Participants’ mean EQ-5D-US HSV was 0.85 (SD 0.14) and mean SF-6D HSV was 0.76 (SD 0.13). OPAQ’s four main dimension means (SD) for the entire group were: physical function 86.1 (17.4), emotional status 70.4 (16.1), symptoms 65.74 (18.6), and social interaction 60.6 (16.9).
Statistically significant correlations were observed for all EQ-5D dimensions with all OPAQ dimensions except social interaction and for all SF-6D dimensions with all of the OPAQ dimensions (p < 0.001) (Table 2). OPAQ’s physical function dimension exhibited the strongest significant correlations with EQ-5D dimensions, ranging from −0.34 to −0.60, followed by emotional status, and symptoms. A similar pattern with stronger correlation coefficients was noted between OPAQ dimensions and SF-6D, and the correlation between SF-6D dimensions and OPAQ social interaction was significant. All domains that comprise OPAQ’s physical function, emotional status, and symptoms dimensions exhibited significant correlations to all EQ-5D dimensions. For the domains that form OPAQ’s social interaction dimension, the only significant, but slight, correlations were for the social network domain to EQ-5D usual activities and self-care dimensions.

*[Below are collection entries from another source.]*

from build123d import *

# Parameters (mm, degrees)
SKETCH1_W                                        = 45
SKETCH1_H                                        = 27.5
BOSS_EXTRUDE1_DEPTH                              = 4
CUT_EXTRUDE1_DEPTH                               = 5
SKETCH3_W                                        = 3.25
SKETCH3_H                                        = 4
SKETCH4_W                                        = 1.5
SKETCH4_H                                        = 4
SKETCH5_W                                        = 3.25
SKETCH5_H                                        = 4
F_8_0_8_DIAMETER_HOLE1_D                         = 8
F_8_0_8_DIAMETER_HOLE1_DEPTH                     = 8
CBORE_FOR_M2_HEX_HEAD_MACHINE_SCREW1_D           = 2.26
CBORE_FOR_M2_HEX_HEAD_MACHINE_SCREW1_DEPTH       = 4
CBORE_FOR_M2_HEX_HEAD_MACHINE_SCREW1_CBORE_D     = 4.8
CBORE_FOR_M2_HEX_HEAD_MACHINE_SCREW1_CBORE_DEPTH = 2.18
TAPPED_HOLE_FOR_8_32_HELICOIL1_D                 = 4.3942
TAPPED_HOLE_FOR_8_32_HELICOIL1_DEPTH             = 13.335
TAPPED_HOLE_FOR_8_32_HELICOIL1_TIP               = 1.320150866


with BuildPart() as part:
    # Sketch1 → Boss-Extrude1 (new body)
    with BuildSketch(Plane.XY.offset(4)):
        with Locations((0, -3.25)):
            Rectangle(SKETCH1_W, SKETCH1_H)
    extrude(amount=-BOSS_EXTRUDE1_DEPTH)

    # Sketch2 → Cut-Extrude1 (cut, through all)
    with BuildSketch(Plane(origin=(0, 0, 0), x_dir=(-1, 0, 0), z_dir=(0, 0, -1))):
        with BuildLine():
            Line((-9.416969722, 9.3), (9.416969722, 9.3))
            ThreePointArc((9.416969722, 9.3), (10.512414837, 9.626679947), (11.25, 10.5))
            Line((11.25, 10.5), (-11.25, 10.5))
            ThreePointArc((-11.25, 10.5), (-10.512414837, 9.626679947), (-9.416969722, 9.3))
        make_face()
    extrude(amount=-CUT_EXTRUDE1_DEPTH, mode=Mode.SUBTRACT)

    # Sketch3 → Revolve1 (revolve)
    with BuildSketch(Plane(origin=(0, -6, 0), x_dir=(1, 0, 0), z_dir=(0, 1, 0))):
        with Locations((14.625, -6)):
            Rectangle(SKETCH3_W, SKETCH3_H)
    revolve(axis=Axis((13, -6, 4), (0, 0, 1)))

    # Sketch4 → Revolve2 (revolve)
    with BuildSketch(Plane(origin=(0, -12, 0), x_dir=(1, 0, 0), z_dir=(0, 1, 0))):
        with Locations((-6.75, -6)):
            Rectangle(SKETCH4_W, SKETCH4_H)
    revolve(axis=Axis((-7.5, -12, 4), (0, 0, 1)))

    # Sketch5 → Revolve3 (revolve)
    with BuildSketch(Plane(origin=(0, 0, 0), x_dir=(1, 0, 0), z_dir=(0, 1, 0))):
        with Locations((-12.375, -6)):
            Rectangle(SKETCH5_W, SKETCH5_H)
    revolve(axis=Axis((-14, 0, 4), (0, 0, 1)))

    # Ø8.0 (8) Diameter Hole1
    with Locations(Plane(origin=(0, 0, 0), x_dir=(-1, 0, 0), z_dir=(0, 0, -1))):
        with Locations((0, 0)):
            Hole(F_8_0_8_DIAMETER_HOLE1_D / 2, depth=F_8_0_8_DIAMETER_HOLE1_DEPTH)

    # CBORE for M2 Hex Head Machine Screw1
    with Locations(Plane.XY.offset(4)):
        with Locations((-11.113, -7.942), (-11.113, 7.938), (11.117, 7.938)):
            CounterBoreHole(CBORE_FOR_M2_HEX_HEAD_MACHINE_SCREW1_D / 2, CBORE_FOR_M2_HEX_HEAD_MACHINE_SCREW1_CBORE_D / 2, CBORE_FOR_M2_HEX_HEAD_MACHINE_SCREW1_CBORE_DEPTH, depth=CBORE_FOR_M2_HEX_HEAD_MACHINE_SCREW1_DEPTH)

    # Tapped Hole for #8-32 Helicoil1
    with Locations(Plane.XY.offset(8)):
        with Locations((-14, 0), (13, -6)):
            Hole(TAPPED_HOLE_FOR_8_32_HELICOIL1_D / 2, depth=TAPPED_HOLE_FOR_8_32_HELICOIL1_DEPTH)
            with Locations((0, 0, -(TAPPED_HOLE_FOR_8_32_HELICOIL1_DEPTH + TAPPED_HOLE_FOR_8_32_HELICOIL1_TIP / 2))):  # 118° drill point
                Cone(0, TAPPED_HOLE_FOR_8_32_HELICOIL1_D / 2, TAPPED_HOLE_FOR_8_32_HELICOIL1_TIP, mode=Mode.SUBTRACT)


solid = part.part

Tests for trend demonstrated similar consistency between OPAQ dimensions and EQ-5D and SF-6D dimensions. Tests for OPAQ’s physical function, emotional status, and symptoms dimensions were all highly significant (p < 0.001) with each of the five EQ-5D dimensions. OPAQ’s social interaction dimension, again, did not show a significant trend with EQ-5D. OPAQ domains demonstrated similar trend patterns.
Univariate regression models
In separate, univariate regression analyses, each of OPAQ’s four dimensions demonstrated statistically significant relationships with EQ-5D-US and SF-6D HSVs. The relationship between social interaction and EQ-5D-US and SF-6D HSVs was the weakest of the four dimensions. The following variables were also individually statistically significant predictors of EQ-5D-US HSVs: age (as continuous variable, p = 0.004), BMI (p = 0.006), alcohol use (categorized as <1/week or ≥1/week, p = 0.012), education (categorized as up to high school versus beyond high school, p < 0.001), current employment (p = 0.001), and Deyo score (an adaptation of the Charlson comorbidity index, p < 0.001) [35, 36]. Race, Hispanic origin, currently smoking, living alone, and taking alendronate or raloxifene were not statistically significant predictors of EQ-5D-US HSVs in individual regressions. For SF-6D, univariate relationships were similar except that BMI did not predict SF-6D HSVs.
Multivariate regression models
Age, alcohol use, education, and employment were no longer statistically significant in the comprehensive regression models. OPAQ’s social interaction dimension was also no longer a significant predictor of EQ-5D-US in the comprehensive model, which demonstrated an adjusted R 2 of 0.63, p < 0.001. The final regression model for EQ-5D-US, shown in Table 3, included three of the four OPAQ dimensions (physical function, emotional status, and symptoms). The ability of the model to predict EQ-5D-US HSVs was indicated by the R 2 = 0.56, RMSE = 0.096, and p < 0.001. The range for actual EQ-5D-US HSVs was 0.118 to 1 and the range for predicted values was 0.408 to 0.995. The model for SF-6D included age and all four of the OPAQ dimensions (Table 3). This model demonstrated a slightly stronger predictive ability than the EQ-5D-US model, as shown by the R 2 = 0.58, RMSE = 0.085, and p < 0.001.
Model fit
Figure 1 shows the comparisons between predicted and observed health state values for EQ-5D-US and SF-6D for all subjects and stratified by gender. The observed HSVs were skewed to the right for both, with a ceiling effect noted for EQ-5D-US. Similar patterns were found for male and female subjects. Transformations of the independent and dependent variables did not provide improved fit for the models, and therefore, untransformed data were used in the final models. Predicted scores were lower than observed at the low end of the range for SF-6D and higher than observed for EQ-5D-US.
Effect of fracture type on health state values
Table 4 summarizes mean OPAQ dimension, EQ-5D-US, and SF-6D scores by fracture type group. The wrist/wrist-like/other fracture group had the highest OPAQ dimension means for physical function, emotional status, and symptoms, while the spine/spine-like fracture group had the highest mean for social interaction. The hip/hip-like group had the lowest means for physical function, emotional status, and social interaction, and the spine/spine-like group had the lowest mean score for symptoms.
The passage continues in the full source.